Duas teses estão prevalecendo em Brasília após o novo e maior escândalo que atingiu em cheio o governo do presidente Michel Temer (PMDB) na semana passada. Uma é que a permanência de Temer no cargo está praticamente inviável e a outra é que a mudança na Constituição, por meio de uma PEC que possibilite eleições diretas no Brasil também é inviável, tanto pela carência de votos no Congresso Nacional, quanto pelo longo caminho até sua aprovação. Com isso, prevalecendo o atual texto constitucional, que prevê eleições indiretas, Governo e Oposição já discutem nomes de prováveis candidatos. Mesmo defendendo com unhas e dentes a eleição direta, o ex-presidente Luís Inácio Lula da Silva já discutiu com líderes do PT seus nomes para a escolha indireta, onde se sobressaiu o do ex-ministro do STF, Nelson Jobim, que comandou o Ministério da Defesa no governo Lula.
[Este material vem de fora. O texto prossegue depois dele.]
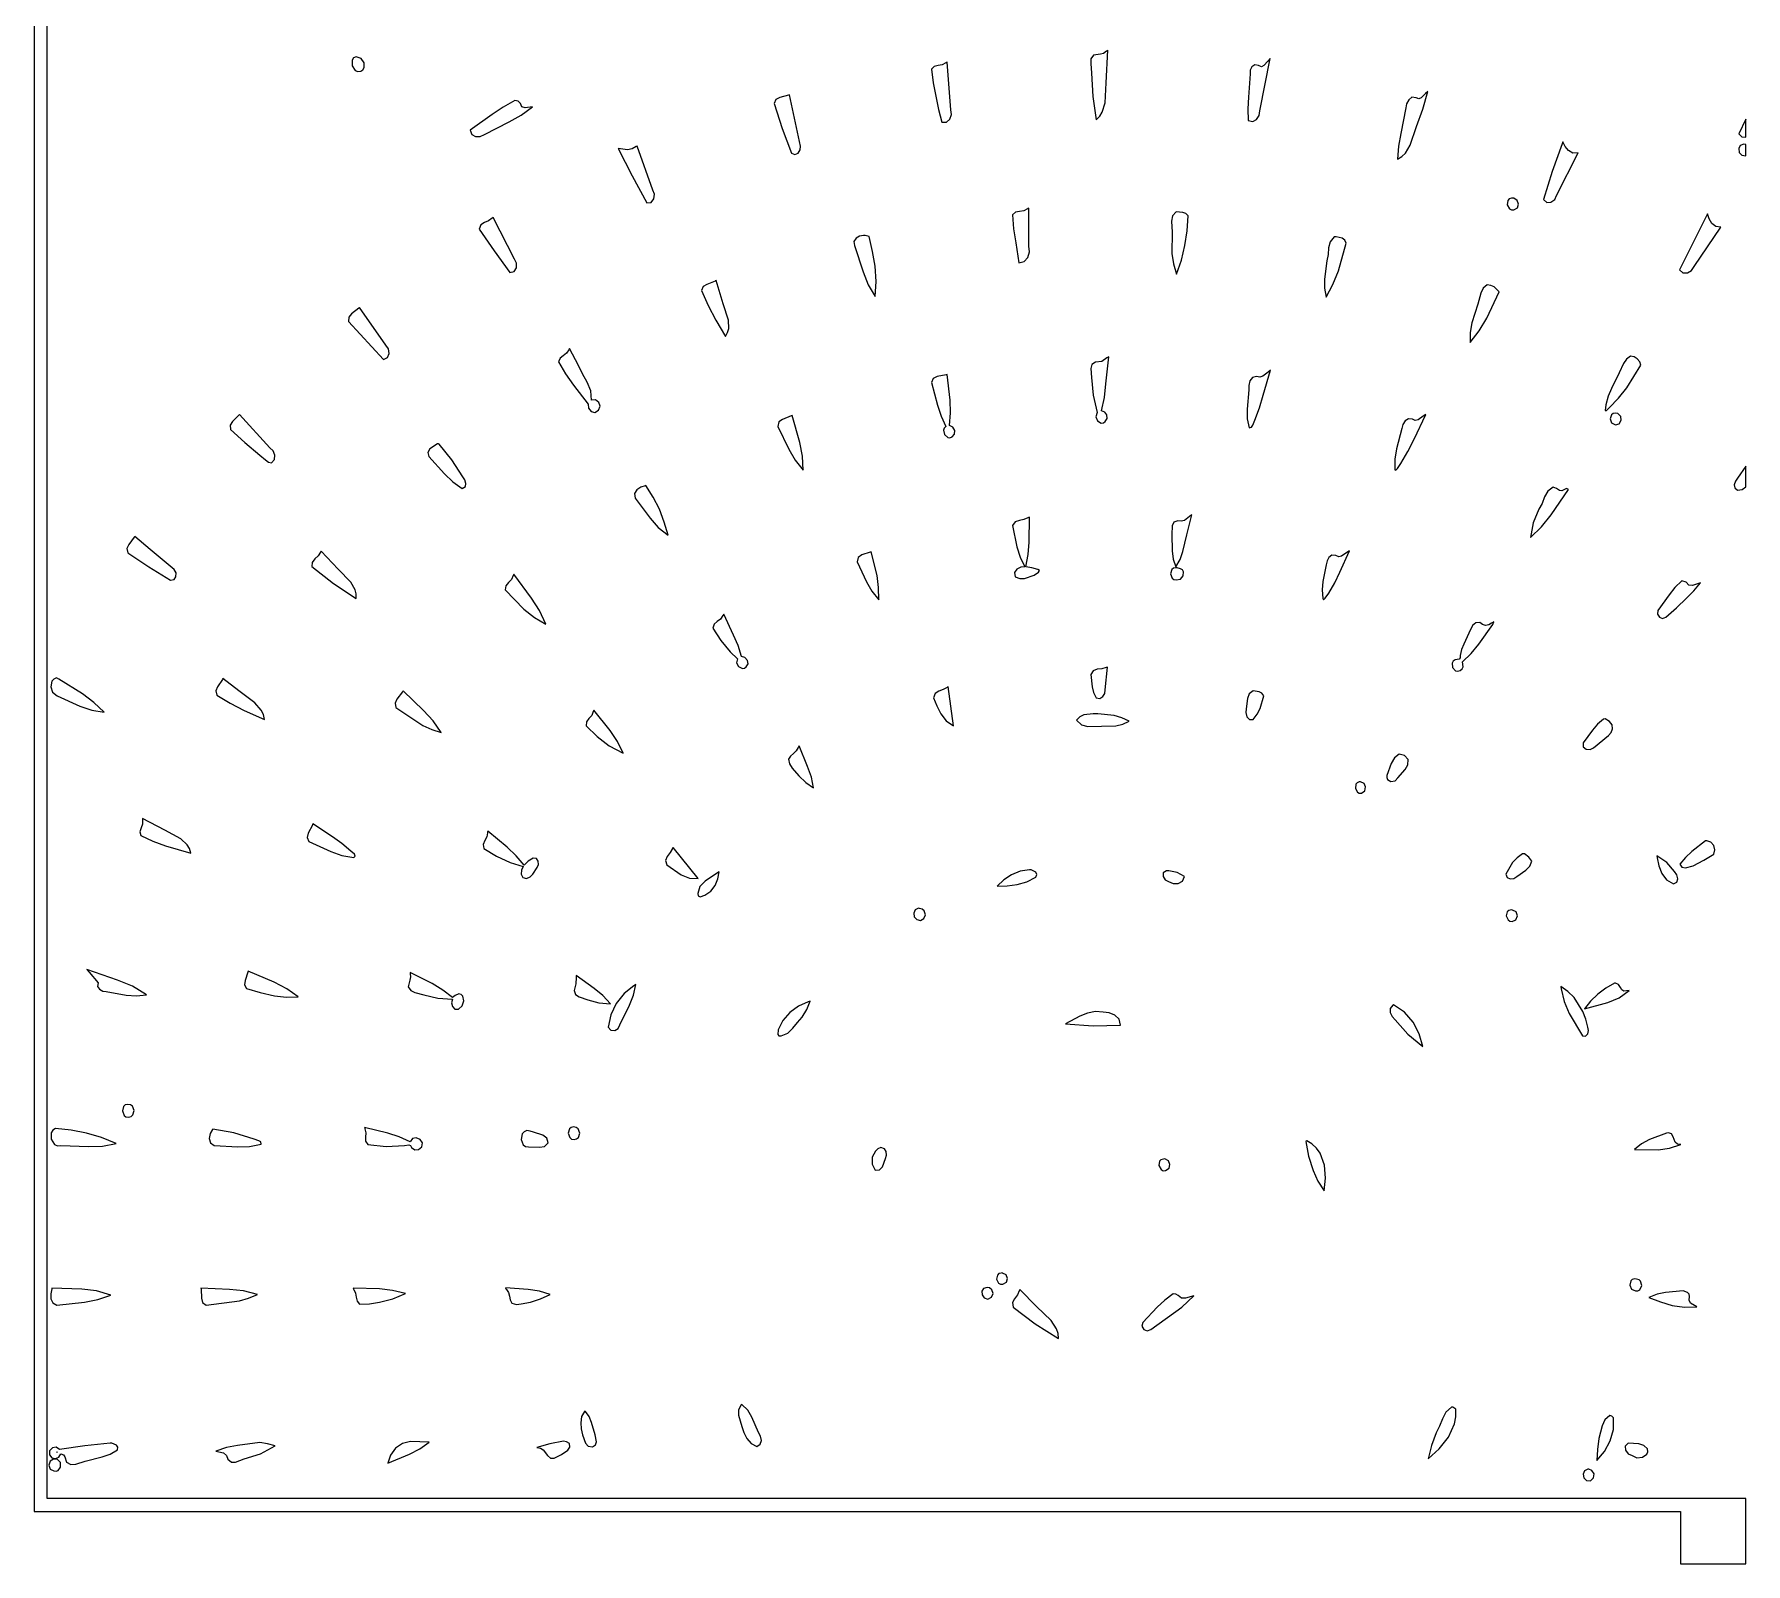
# Model space of a CAD drawing. Extents: x 0 to 13.1, y 0 to 21.
# Drawn here: x 0 to 13.1, y 0 to 11.7 of the extents above; entities that cross this region are included whole.
import ezdxf

# ---------------------------------------------------------------- set-up
doc = ezdxf.new("R2010")
doc.units = 0
doc.layers.add('Layer_1', color=7, linetype='CONTINUOUS')

msp = doc.modelspace()

# ---------------------------------------------------------------- linework, layer by layer
at = {"layer": 'Layer_1', "color": 7}
for points in [[(12.600011, 20.99998), (12.600011, 20.600018), (0, 20.600018), (0, 0.400016), (12.600011, 0.400016), (12.600011, 0), (13.099963, 0), (13.099963, 0.500064), (0.099935, 0.500064), (0.099935, 20.500083), (0.099935, 20.500083), (13.099906, 20.500083), (13.099906, 21.000034), (12.599955, 21.000034), (12.600011, 20.99998)], [(2.46509, 11.530914), (2.444036, 11.521484), (2.432203, 11.504934), (2.432192, 11.462168), (2.457036, 11.425993), (2.476272, 11.417684), (2.498714, 11.419789), (2.516309, 11.431302), (2.525797, 11.447305), (2.524212, 11.48516), (2.501471, 11.518111), (2.46509, 11.530914), (2.46509, 11.530914)], [(8.217188, 11.580083), (8.211233, 11.576225), (8.205778, 11.572641), (8.184682, 11.556228), (8.160009, 11.550017), (8.107827, 11.542821), (8.087999, 11.51401), (8.086207, 11.478864), (8.091952, 11.406285), (8.103183, 11.226877), (8.12789, 11.048932), (8.155375, 11.076324), (8.17486, 11.107699), (8.195623, 11.178878), (8.204894, 11.330271), (8.217188, 11.580083), (8.217188, 11.580083)], [(6.986324, 11.489961), (6.980151, 11.486543), (6.977007, 11.484793), (6.950308, 11.469313), (6.918731, 11.464228), (6.8888, 11.457134), (6.86704, 11.435624), (6.879165, 11.332326), (6.899783, 11.229086), (6.921144, 11.127932), (6.947354, 11.030537), (6.983353, 11.030702), (7.008418, 11.054087), (7.01997, 11.089344), (7.015429, 11.125126), (6.986324, 11.489975), (6.986324, 11.489961)], [(9.459076, 11.516089), (9.442097, 11.497403), (9.411095, 11.462643), (9.392269, 11.454559), (9.371101, 11.464716), (9.34274, 11.468532), (9.32029, 11.453633), (9.306999, 11.427877), (9.306114, 11.399122), (9.293115, 11.221222), (9.28788, 11.132266), (9.291836, 11.043257), (9.326502, 11.034793), (9.355995, 11.051245), (9.375554, 11.082278), (9.380418, 11.11756), (9.459076, 11.516089), (9.459076, 11.516089)], [(3.678095, 11.196769), (3.588912, 11.146057), (3.503773, 11.08891), (3.336781, 10.969503), (3.348462, 10.93587), (3.378127, 10.919404), (3.414281, 10.91983), (3.445428, 10.936873), (3.635255, 11.033279), (3.728087, 11.084859), (3.813584, 11.147986), (3.756403, 11.140314), (3.731648, 11.147772), (3.720759, 11.173178), (3.702918, 11.191908), (3.678095, 11.196769), (3.678095, 11.196769)], [(5.78043, 11.238165), (5.773761, 11.235851), (5.773112, 11.235568), (5.705704, 11.218411), (5.676711, 11.203661), (5.663144, 11.172842), (5.725778, 10.981655), (5.796816, 10.793769), (5.821807, 10.782632), (5.846117, 10.793618), (5.862865, 10.81762), (5.865165, 10.845529), (5.780445, 11.238106), (5.78043, 11.238165)], [(10.667063, 11.265947), (10.649204, 11.249411), (10.616421, 11.217406), (10.59776, 11.208373), (10.576664, 11.216061), (10.544495, 11.220149), (10.519985, 11.201669), (10.504012, 11.171244), (10.497456, 11.139497), (10.459448, 10.944495), (10.441939, 10.846547), (10.43467, 10.74731), (10.467878, 10.766626), (10.494478, 10.791755), (10.532529, 10.854618), (10.580799, 10.996955), (10.627581, 11.130287), (10.667063, 11.265947), (10.667063, 11.265947)], [(13.099963, 11.05362), (13.046109, 10.939737), (13.069772, 10.917833), (13.099963, 10.91554), (13.099963, 11.05362), (13.099963, 11.05362)], [(11.699215, 10.880869), (11.693703, 10.864994), (11.618669, 10.651456), (11.550718, 10.437416), (11.576742, 10.416215), (11.608945, 10.418691), (11.637377, 10.438329), (11.652086, 10.468615), (11.816348, 10.794438), (11.775913, 10.7938), (11.742628, 10.813338), (11.71692, 10.845034), (11.699215, 10.880869), (11.699215, 10.880869)], [(4.615547, 10.847575), (4.609262, 10.844267), (4.608274, 10.843703), (4.576486, 10.826276), (4.541428, 10.81969), (4.469864, 10.829758), (4.576032, 10.619858), (4.687816, 10.413037), (4.722533, 10.416669), (4.742963, 10.442711), (4.747532, 10.478404), (4.734667, 10.510988), (4.61555, 10.847561), (4.615547, 10.847575)], [(13.086292, 10.862126), (13.057963, 10.852775), (13.046135, 10.827811), (13.050417, 10.798591), (13.070417, 10.776469), (13.099963, 10.771508), (13.099963, 10.859702), (13.086292, 10.862129), (13.086292, 10.862126)], [(7.611567, 10.371491), (7.605285, 10.368348), (7.601534, 10.366513), (7.573887, 10.351666), (7.541629, 10.347835), (7.510882, 10.342044), (7.487765, 10.321315), (7.495473, 10.214167), (7.512239, 10.106728), (7.53517, 9.954093), (7.5773, 9.963874), (7.604891, 9.995062), (7.617147, 10.037324), (7.613275, 10.080323), (7.611553, 10.371475), (7.611567, 10.371491)], [(11.315734, 10.448936), (11.307355, 10.448597), (11.289202, 10.443317), (11.278152, 10.431647), (11.274767, 10.398508), (11.292002, 10.367923), (11.306729, 10.359447), (11.324663, 10.358639), (11.352, 10.374162), (11.360661, 10.40284), (11.351168, 10.4317), (11.324042, 10.447771), (11.31572, 10.448871), (11.31572, 10.448871), (11.315734, 10.448936)], [(3.511739, 10.299556), (3.506007, 10.295421), (3.505132, 10.294829), (3.477914, 10.275527), (3.445363, 10.2618), (3.418015, 10.243931), (3.406408, 10.212202), (3.521193, 10.044512), (3.639241, 9.879158), (3.673201, 9.887048), (3.691074, 9.914974), (3.692127, 9.950499), (3.675623, 9.981189), (3.511748, 10.29957), (3.511739, 10.299556)], [(8.74029, 10.342993), (8.712669, 10.313153), (8.705221, 10.273531), (8.708763, 10.189368), (8.707976, 10.02606), (8.718872, 9.945289), (8.74156, 9.866853), (8.77997, 9.974481), (8.806668, 10.085693), (8.823369, 10.198858), (8.831792, 10.312346), (8.81407, 10.330262), (8.790944, 10.339486), (8.74029, 10.342993), (8.74029, 10.342993)], [(12.806386, 10.328441), (12.798668, 10.313227), (12.592846, 9.901137), (12.619239, 9.877269), (12.653203, 9.877096), (12.684714, 9.894869), (12.703748, 9.924841), (12.910179, 10.22652), (12.870204, 10.23187), (12.8398, 10.255736), (12.818638, 10.290474), (12.806386, 10.328441), (12.806386, 10.328441)], [(6.359263, 10.163573), (6.348182, 10.162754), (6.317419, 10.157402), (6.289884, 10.141557), (6.274163, 10.117129), (6.27884, 10.086024), (6.343613, 9.884542), (6.382671, 9.786639), (6.436707, 9.695764), (6.443177, 9.811503), (6.435325, 9.9272), (6.416546, 10.041763), (6.390239, 10.154099), (6.359263, 10.163581), (6.359263, 10.163573)], [(9.964045, 10.152823), (9.950594, 10.152174), (9.918298, 10.115408), (9.906463, 10.067929), (9.902417, 10.016849), (9.893489, 9.96928), (9.87477, 9.829954), (9.875685, 9.759852), (9.88715, 9.690475), (9.939569, 9.788524), (9.98154, 9.891477), (10.041546, 10.105266), (10.030246, 10.12679), (10.011576, 10.141486), (9.964045, 10.152837), (9.964045, 10.152823)], [(5.21852, 9.818124), (5.212182, 9.81504), (5.211081, 9.814503), (5.147357, 9.789324), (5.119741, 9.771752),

No governo, Temer e aliados mais próximos deram sinais de preferência por Henrique Meirelles, ministro da Fazenda (já citado em nota anterior), mas também elogiam Rodrigo Maia (DEM-RJ), presidente da Câmara, que em caso de afastamento, assumiria por 30 dias o comando do país até a nova eleição. Maia teria, inclusive, o apoio de setores da oposição. No PSDB, principal aliado do presidente, primeiro se discutiu o nome de Fernando Henrique Cardoso, mas o ex-presidente perdeu influência e só conhece algo em torno de 30% dos atuais congressistas. Com isso, ganhou força no partido o nome de Tasso Jereissati (CE), que embora seja um político experiente e de vários mandatos, inclusive o de governador, não tem seu nome envolvido em escândalos e ainda é bem visto pelo setor empresarial.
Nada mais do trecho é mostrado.